I'm sure you also know how the Putin's friends used Facebook to help elect the
Pussy-Graber in Chief in the US or give an hand to Brexit supporters.

Maybe the problem is not the tool but how people use it?

------
zkar
Most of the conversation here is pros/cons of Signal vs. Telegram. The bigger
elephant in the room is whatsapp. Instead of telegram/signal trying to one up
each other, try to be better than whatsapp. Even then, you will need to get to
a critical mass usage to be useful which whatpass has already accomplished.

------
glitcher
The interesting takeaway for me is how unpredictable and sudden a large shift
away from a popular platform can be. This incident certainly isn't a big
tipping point for fb, but it does serve as a good reminder of how the network
effect does not necessarily lock a dominant player in permanently.

------
godot
I'm not advocating for any of Telegram, Signal, or any of FB's suite of apps,
just noting an observation from someone at my age group.
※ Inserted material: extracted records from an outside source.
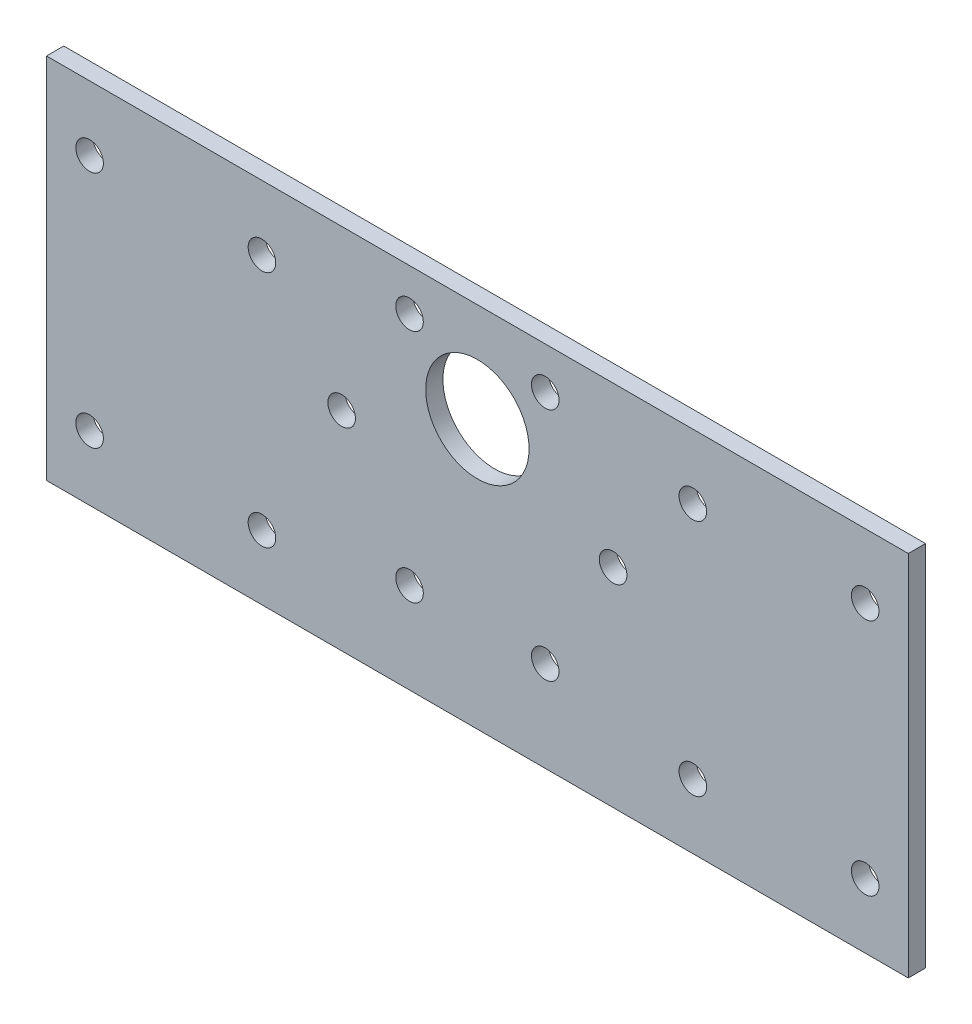
ISO-10303-21;
HEADER;
FILE_DESCRIPTION(('STEP AP214'),'2;1');
FILE_NAME('part.step','',(''),(''),'','','');
FILE_SCHEMA(('AUTOMOTIVE_DESIGN { 1 0 10303 214 1 1 1 1 }'));
ENDSEC;
DATA;
#1=APPLICATION_CONTEXT('core data for automotive mechanical design processes');
#2=APPLICATION_PROTOCOL_DEFINITION('international standard','automotive_design',2000,#1);
#3=PRODUCT_CONTEXT('',#1,'mechanical');
#4=PRODUCT('Part','Part','',(#3));
#5=PRODUCT_RELATED_PRODUCT_CATEGORY('part','',(#4));
#6=PRODUCT_DEFINITION_FORMATION('','',#4);
#7=PRODUCT_DEFINITION_CONTEXT('part definition',#1,'design');
#8=PRODUCT_DEFINITION('design','',#6,#7);
#9=PRODUCT_DEFINITION_SHAPE('','',#8);
#10=(LENGTH_UNIT() NAMED_UNIT(*) SI_UNIT(.MILLI.,.METRE.));
#11=(NAMED_UNIT(*) PLANE_ANGLE_UNIT() SI_UNIT($,.RADIAN.));
#12=(NAMED_UNIT(*) SI_UNIT($,.STERADIAN.) SOLID_ANGLE_UNIT());
#13=UNCERTAINTY_MEASURE_WITH_UNIT(LENGTH_MEASURE(1.E-05),#10,'distance_accuracy_value','');
#14=(GEOMETRIC_REPRESENTATION_CONTEXT(3) GLOBAL_UNCERTAINTY_ASSIGNED_CONTEXT((#13)) GLOBAL_UNIT_ASSIGNED_CONTEXT((#10,
#11,#12)) REPRESENTATION_CONTEXT('',''));
#15=CARTESIAN_POINT('',(0.,0.,0.));
#16=DIRECTION('',(0.,0.,1.));
#17=DIRECTION('',(1.,0.,0.));
#18=AXIS2_PLACEMENT_3D('',#15,#16,#17);
#19=CARTESIAN_POINT('',(-50.,0.,2.));
#20=DIRECTION('',(1.,0.,0.));
#21=DIRECTION('',(0.,1.,0.));
#22=AXIS2_PLACEMENT_3D('',#19,#20,#21);
#23=PLANE('',#22);
#24=DIRECTION('',(0.,0.,-1.));
#25=VECTOR('',#24,1.);
#26=CARTESIAN_POINT('',(-50.,-17.66,2.));
#27=LINE('',#26,#25);
#28=CARTESIAN_POINT('',(-50.,-17.66,2.));
#29=VERTEX_POINT('',#28);
#30=CARTESIAN_POINT('',(-50.,-17.66,0.));
#31=VERTEX_POINT('',#30);
#32=EDGE_CURVE('E196',#29,#31,#27,.T.);
#33=ORIENTED_EDGE('',*,*,#32,.F.);
#34=DIRECTION('',(0.,-1.,0.));
#35=VECTOR('',#34,1.);
#36=CARTESIAN_POINT('',(-50.,0.,2.));
#37=LINE('',#36,#35);
#38=CARTESIAN_POINT('',(-50.,25.,2.));
#39=VERTEX_POINT('',#38);
#40=EDGE_CURVE('E104',#39,#29,#37,.T.);
#41=ORIENTED_EDGE('',*,*,#40,.F.);
#42=DIRECTION('',(0.,0.,-1.));
#43=VECTOR('',#42,1.);
#44=CARTESIAN_POINT('',(-50.,25.,2.));
#45=LINE('',#44,#43);
#46=CARTESIAN_POINT('',(-50.,25.,0.));
#47=VERTEX_POINT('',#46);
#48=EDGE_CURVE('E73',#39,#47,#45,.T.);
#49=ORIENTED_EDGE('',*,*,#48,.T.);
#50=DIRECTION('',(0.,-1.,0.));
#51=VECTOR('',#50,1.);
#52=CARTESIAN_POINT('',(-50.,0.,0.));
#53=LINE('',#52,#51);
#54=EDGE_CURVE('E102',#47,#31,#53,.T.);
#55=ORIENTED_EDGE('',*,*,#54,.T.);
#56=EDGE_LOOP('',(#33,#41,#49,#55));
#57=FACE_BOUND('',#56,.T.);
#58=ADVANCED_FACE('F65',(#57),#23,.F.);
#59=CARTESIAN_POINT('',(50.,0.,2.));
#60=DIRECTION('',(1.,0.,0.));
#61=DIRECTION('',(0.,1.,0.));
#62=AXIS2_PLACEMENT_3D('',#59,#60,#61);
#63=PLANE('',#62);
#64=DIRECTION('',(0.,-1.,0.));
#65=VECTOR('',#64,1.);
#66=CARTESIAN_POINT('',(50.,0.,2.));
#67=LINE('',#66,#65);
#68=CARTESIAN_POINT('',(50.,25.,2.));
#69=VERTEX_POINT('',#68);
#70=CARTESIAN_POINT('',(50.,-17.66,2.));
#71=VERTEX_POINT('',#70);
#72=EDGE_CURVE('E131',#69,#71,#67,.T.);
#73=ORIENTED_EDGE('',*,*,#72,.T.);
#74=DIRECTION('',(0.,0.,1.));
#75=VECTOR('',#74,1.);
#76=CARTESIAN_POINT('',(50.,-17.66,2.));
#77=LINE('',#76,#75);
#78=CARTESIAN_POINT('',(50.,-17.66,0.));
#79=VERTEX_POINT('',#78);
#80=EDGE_CURVE('E80',#79,#71,#77,.T.);
#81=ORIENTED_EDGE('',*,*,#80,.F.);
#82=DIRECTION('',(0.,-1.,0.));
#83=VECTOR('',#82,1.);
#84=CARTESIAN_POINT('',(50.,0.,0.));
#85=LINE('',#84,#83);
#86=CARTESIAN_POINT('',(50.,25.,0.));
#87=VERTEX_POINT('',#86);
#88=EDGE_CURVE('E117',#87,#79,#85,.T.);
#89=ORIENTED_EDGE('',*,*,#88,.F.);
#90=DIRECTION('',(0.,0.,-1.));
#91=VECTOR('',#90,1.);
#92=CARTESIAN_POINT('',(50.,25.,2.));
#93=LINE('',#92,#91);
#94=EDGE_CURVE('E12',#69,#87,#93,.T.);
#95=ORIENTED_EDGE('',*,*,#94,.F.);
#96=EDGE_LOOP('',(#73,#81,#89,#95));
#97=FACE_BOUND('',#96,.T.);
#98=ADVANCED_FACE('F262',(#97),#63,.T.);
#99=CARTESIAN_POINT('',(0.,0.,0.));
#100=DIRECTION('',(0.,0.,1.));
#101=DIRECTION('',(1.,0.,0.));
#102=AXIS2_PLACEMENT_3D('',#99,#100,#101);
#103=PLANE('',#102);
#104=CARTESIAN_POINT('',(45.,17.5,0.));
#105=DIRECTION('',(0.,0.,1.));
#106=DIRECTION('',(1.,0.,0.));
#107=AXIS2_PLACEMENT_3D('',#104,#105,#106);
#108=CIRCLE('',#107,1.6);
#109=CARTESIAN_POINT('',(46.6,17.5,0.));
#110=VERTEX_POINT('',#109);
#111=EDGE_CURVE('E199',#110,#110,#108,.T.);
#112=ORIENTED_EDGE('',*,*,#111,.T.);
#113=EDGE_LOOP('',(#112));
#114=FACE_BOUND('',#113,.T.);
#115=CARTESIAN_POINT('',(-45.,17.5,0.));
#116=DIRECTION('',(0.,0.,1.));
#117=DIRECTION('',(1.,0.,0.));
#118=AXIS2_PLACEMENT_3D('',#115,#116,#117);
#119=CIRCLE('',#118,1.6);
#120=CARTESIAN_POINT('',(-43.4,17.5,0.));
#121=VERTEX_POINT('',#120);
#122=EDGE_CURVE('E202',#121,#121,#119,.T.);
#123=ORIENTED_EDGE('',*,*,#122,.T.);
#124=EDGE_LOOP('',(#123));
#125=FACE_BOUND('',#124,.T.);
#126=CARTESIAN_POINT('',(-25.,17.5,0.));
#127=DIRECTION('',(0.,0.,1.));
#128=DIRECTION('',(1.,0.,0.));
#129=AXIS2_PLACEMENT_3D('',#126,#127,#128);
#130=CIRCLE('',#129,1.6);
#131=CARTESIAN_POINT('',(-23.4,17.5,0.));
#132=VERTEX_POINT('',#131);
#133=EDGE_CURVE('E205',#132,#132,#130,.T.);
#134=ORIENTED_EDGE('',*,*,#133,.T.);
#135=EDGE_LOOP('',(#134));
#136=FACE_BOUND('',#135,.T.);
#137=CARTESIAN_POINT('',(25.,17.5,0.));
#138=DIRECTION('',(0.,0.,1.));
#139=DIRECTION('',(1.,0.,0.));
#140=AXIS2_PLACEMENT_3D('',#137,#138,#139);
#141=CIRCLE('',#140,1.6);
#142=CARTESIAN_POINT('',(26.6,17.5,0.));
#143=VERTEX_POINT('',#142);
#144=EDGE_CURVE('E208',#143,#143,#141,.T.);
#145=ORIENTED_EDGE('',*,*,#144,.T.);
#146=EDGE_LOOP('',(#145));
#147=FACE_BOUND('',#146,.T.);
#148=CARTESIAN_POINT('',(-15.75,6.5,0.));
#149=DIRECTION('',(0.,0.,1.));
#150=DIRECTION('',(1.,0.,0.));
#151=AXIS2_PLACEMENT_3D('',#148,#149,#150);
#152=CIRCLE('',#151,1.6);
#153=CARTESIAN_POINT('',(-14.15,6.5,0.));
#154=VERTEX_POINT('',#153);
#155=EDGE_CURVE('E119',#154,#154,#152,.T.);
#156=ORIENTED_EDGE('',*,*,#155,.T.);
#157=EDGE_LOOP('',(#156));
#158=FACE_BOUND('',#157,.T.);
#159=CARTESIAN_POINT('',(15.75,6.5,0.));
#160=DIRECTION('',(0.,0.,1.));
#161=DIRECTION('',(1.,0.,0.));
#162=AXIS2_PLACEMENT_3D('',#159,#160,#161);
#163=CIRCLE('',#162,1.6);
#164=CARTESIAN_POINT('',(17.35,6.5,0.));
#165=VERTEX_POINT('',#164);
#166=EDGE_CURVE('E124',#165,#165,#163,.T.);
#167=ORIENTED_EDGE('',*,*,#166,.T.);
#168=EDGE_LOOP('',(#167));
#169=FACE_BOUND('',#168,.T.);
#170=CARTESIAN_POINT('',(0.,13.5,0.));
#171=DIRECTION('',(0.,0.,1.));
#172=DIRECTION('',(1.,0.,0.));
#173=AXIS2_PLACEMENT_3D('',#170,#171,#172);
#174=CIRCLE('',#173,6.);
#175=CARTESIAN_POINT('',(6.,13.5,0.));
#176=VERTEX_POINT('',#175);
#177=EDGE_CURVE('E127',#176,#176,#174,.T.);
#178=ORIENTED_EDGE('',*,*,#177,.T.);
#179=EDGE_LOOP('',(#178));
#180=FACE_BOUND('',#179,.T.);
#181=CARTESIAN_POINT('',(-7.87499999999997,20.1399001096049,0.));
#182=DIRECTION('',(0.,0.,1.));
#183=DIRECTION('',(1.,0.,0.));
#184=AXIS2_PLACEMENT_3D('',#181,#182,#183);
#185=CIRCLE('',#184,1.6);
#186=CARTESIAN_POINT('',(-6.27499999999997,20.1399001096049,0.));
#187=VERTEX_POINT('',#186);
#188=EDGE_CURVE('E142',#187,#187,#185,.T.);
#189=ORIENTED_EDGE('',*,*,#188,.T.);
#190=EDGE_LOOP('',(#189));
#191=FACE_BOUND('',#190,.T.);
#192=CARTESIAN_POINT('',(7.87500000000006,20.1399001096049,0.));
#193=DIRECTION('',(0.,0.,1.));
#194=DIRECTION('',(1.,0.,0.));
#195=AXIS2_PLACEMENT_3D('',#192,#193,#194);
#196=CIRCLE('',#195,1.6);
#197=CARTESIAN_POINT('',(9.47500000000007,20.1399001096049,0.));
#198=VERTEX_POINT('',#197);
#199=EDGE_CURVE('E148',#198,#198,#196,.T.);
#200=ORIENTED_EDGE('',*,*,#199,.T.);
#201=EDGE_LOOP('',(#200));
#202=FACE_BOUND('',#201,.T.);
#203=CARTESIAN_POINT('',(7.87500000000007,-7.13990010960487,0.));
#204=DIRECTION('',(0.,0.,1.));
#205=DIRECTION('',(1.,0.,0.));
#206=AXIS2_PLACEMENT_3D('',#203,#204,#205);
#207=CIRCLE('',#206,1.6);
#208=CARTESIAN_POINT('',(9.47500000000007,-7.13990010960487,0.));
#209=VERTEX_POINT('',#208);
#210=EDGE_CURVE('E161',#209,#209,#207,.T.);
#211=ORIENTED_EDGE('',*,*,#210,.T.);
#212=EDGE_LOOP('',(#211));
#213=FACE_BOUND('',#212,.T.);
#214=CARTESIAN_POINT('',(-7.87499999999996,-7.13990010960493,0.));
#215=DIRECTION('',(0.,0.,1.));
#216=DIRECTION('',(1.,0.,0.));
#217=AXIS2_PLACEMENT_3D('',#214,#215,#216);
#218=CIRCLE('',#217,1.6);
#219=CARTESIAN_POINT('',(-6.27499999999996,-7.13990010960493,0.));
#220=VERTEX_POINT('',#219);
#221=EDGE_CURVE('E154',#220,#220,#218,.T.);
#222=ORIENTED_EDGE('',*,*,#221,.T.);
#223=EDGE_LOOP('',(#222));
#224=FACE_BOUND('',#223,.T.);
#225=CARTESIAN_POINT('',(-25.,-10.16,0.));
#226=DIRECTION('',(0.,0.,1.));
#227=DIRECTION('',(1.,0.,0.));
#228=AXIS2_PLACEMENT_3D('',#225,#226,#227);
#229=CIRCLE('',#228,1.6);
#230=CARTESIAN_POINT('',(-23.4,-10.16,0.));
#231=VERTEX_POINT('',#230);
#232=EDGE_CURVE('E179',#231,#231,#229,.T.);
#233=ORIENTED_EDGE('',*,*,#232,.T.);
#234=EDGE_LOOP('',(#233));
#235=FACE_BOUND('',#234,.T.);
#236=CARTESIAN_POINT('',(45.,-10.16,0.));
#237=DIRECTION('',(0.,0.,1.));
#238=DIRECTION('',(1.,0.,0.));
#239=AXIS2_PLACEMENT_3D('',#236,#237,#238);
#240=CIRCLE('',#239,1.6);
#241=CARTESIAN_POINT('',(46.6,-10.16,0.));
#242=VERTEX_POINT('',#241);
#243=EDGE_CURVE('E172',#242,#242,#240,.T.);
#244=ORIENTED_EDGE('',*,*,#243,.T.);
#245=EDGE_LOOP('',(#244));
#246=FACE_BOUND('',#245,.T.);
#247=CARTESIAN_POINT('',(25.,-10.16,0.));
#248=DIRECTION('',(0.,0.,1.));
#249=DIRECTION('',(1.,0.,0.));
#250=AXIS2_PLACEMENT_3D('',#247,#248,#249);
#251=CIRCLE('',#250,1.6);
#252=CARTESIAN_POINT('',(26.6,-10.16,0.));
#253=VERTEX_POINT('',#252);
#254=EDGE_CURVE('E173',#253,#253,#251,.T.);
#255=ORIENTED_EDGE('',*,*,#254,.T.);
#256=EDGE_LOOP('',(#255));
#257=FACE_BOUND('',#256,.T.);
#258=CARTESIAN_POINT('',(-45.,-10.16,0.));
#259=DIRECTION('',(0.,0.,1.));
#260=DIRECTION('',(1.,0.,0.));
#261=AXIS2_PLACEMENT_3D('',#258,#259,#260);
#262=CIRCLE('',#261,1.6);
#263=CARTESIAN_POINT('',(-43.4,-10.16,0.));
#264=VERTEX_POINT('',#263);
#265=EDGE_CURVE('E155',#264,#264,#262,.T.);
#266=ORIENTED_EDGE('',*,*,#265,.T.);
#267=EDGE_LOOP('',(#266));
#268=FACE_BOUND('',#267,.T.);
#269=DIRECTION('',(1.,0.,0.));
#270=VECTOR('',#269,1.);
#271=CARTESIAN_POINT('',(-50.,-17.66,0.));
#272=LINE('',#271,#270);
#273=EDGE_CURVE('E112',#31,#79,#272,.T.);
#274=ORIENTED_EDGE('',*,*,#273,.F.);
#275=ORIENTED_EDGE('',*,*,#54,.F.);
#276=DIRECTION('',(1.,0.,0.));
#277=VECTOR('',#276,1.);
#278=CARTESIAN_POINT('',(0.,25.,0.));
#279=LINE('',#278,#277);
#280=EDGE_CURVE('E111',#47,#87,#279,.T.);
#281=ORIENTED_EDGE('',*,*,#280,.T.);
#282=ORIENTED_EDGE('',*,*,#88,.T.);
#283=EDGE_LOOP('',(#274,#275,#281,#282));
#284=FACE_BOUND('',#283,.T.);
#285=ADVANCED_FACE('F109',(#114,#125,#136,#147,#158,#169,#180,#191,#202,#213,#224,#235,#246,
#257,#268,#284),#103,.F.);
#286=CARTESIAN_POINT('',(0.,0.,2.));
#287=DIRECTION('',(0.,0.,1.));
#288=DIRECTION('',(1.,0.,0.));
#289=AXIS2_PLACEMENT_3D('',#286,#287,#288);
#290=PLANE('',#289);
#291=CARTESIAN_POINT('',(45.,17.5,2.));
#292=DIRECTION('',(0.,0.,1.));
#293=DIRECTION('',(1.,0.,0.));
#294=AXIS2_PLACEMENT_3D('',#291,#292,#293);
#295=CIRCLE('',#294,1.6);
#296=CARTESIAN_POINT('',(46.6,17.5,2.));
#297=VERTEX_POINT('',#296);
#298=EDGE_CURVE('E214',#297,#297,#295,.T.);
#299=ORIENTED_EDGE('',*,*,#298,.F.);
#300=EDGE_LOOP('',(#299));
#301=FACE_BOUND('',#300,.T.);
#302=CARTESIAN_POINT('',(-45.,17.5,2.));
#303=DIRECTION('',(0.,0.,1.));
#304=DIRECTION('',(1.,0.,0.));
#305=AXIS2_PLACEMENT_3D('',#302,#303,#304);
#306=CIRCLE('',#305,1.6);
#307=CARTESIAN_POINT('',(-43.4,17.5,2.));
#308=VERTEX_POINT('',#307);
#309=EDGE_CURVE('E215',#308,#308,#306,.T.);
#310=ORIENTED_EDGE('',*,*,#309,.F.);
#311=EDGE_LOOP('',(#310));
#312=FACE_BOUND('',#311,.T.);
#313=CARTESIAN_POINT('',(-25.,17.5,2.));
#314=DIRECTION('',(0.,0.,1.));
#315=DIRECTION('',(1.,0.,0.));
#316=AXIS2_PLACEMENT_3D('',#313,#314,#315);
#317=CIRCLE('',#316,1.6);
#318=CARTESIAN_POINT('',(-23.4,17.5,2.));
#319=VERTEX_POINT('',#318);
#320=EDGE_CURVE('E218',#319,#319,#317,.T.);
#321=ORIENTED_EDGE('',*,*,#320,.F.);
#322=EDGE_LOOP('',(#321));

Most/all of my non-tech-savvy friends and relatives wouldn't even have heard
of Telegram or Signal or any other messaging apps. My tech-savvy friends tend
to be busy with their lives (most of my friends are 30+ and have family and
kids to take care of), and when FB is down for 24 hours they tend to just not
use FB or Whatsapp and "wait it out"; it's not like they have to message
anyone while at work.

I guess the 3M signups are mostly teeangers and young adults? I'm really not
sure how anyone 30+ with a family really care enough about messaging friends
on an app to switch apps (by installing a new one even!) when their usual one
is down for a day. Most probably fall back to SMS even if some are on paid per
message plans.

------
czei002
Unfortunately Telegram nor Signal supports federation. I find it bit funny
that people move from one wallet garden to the next one 8-)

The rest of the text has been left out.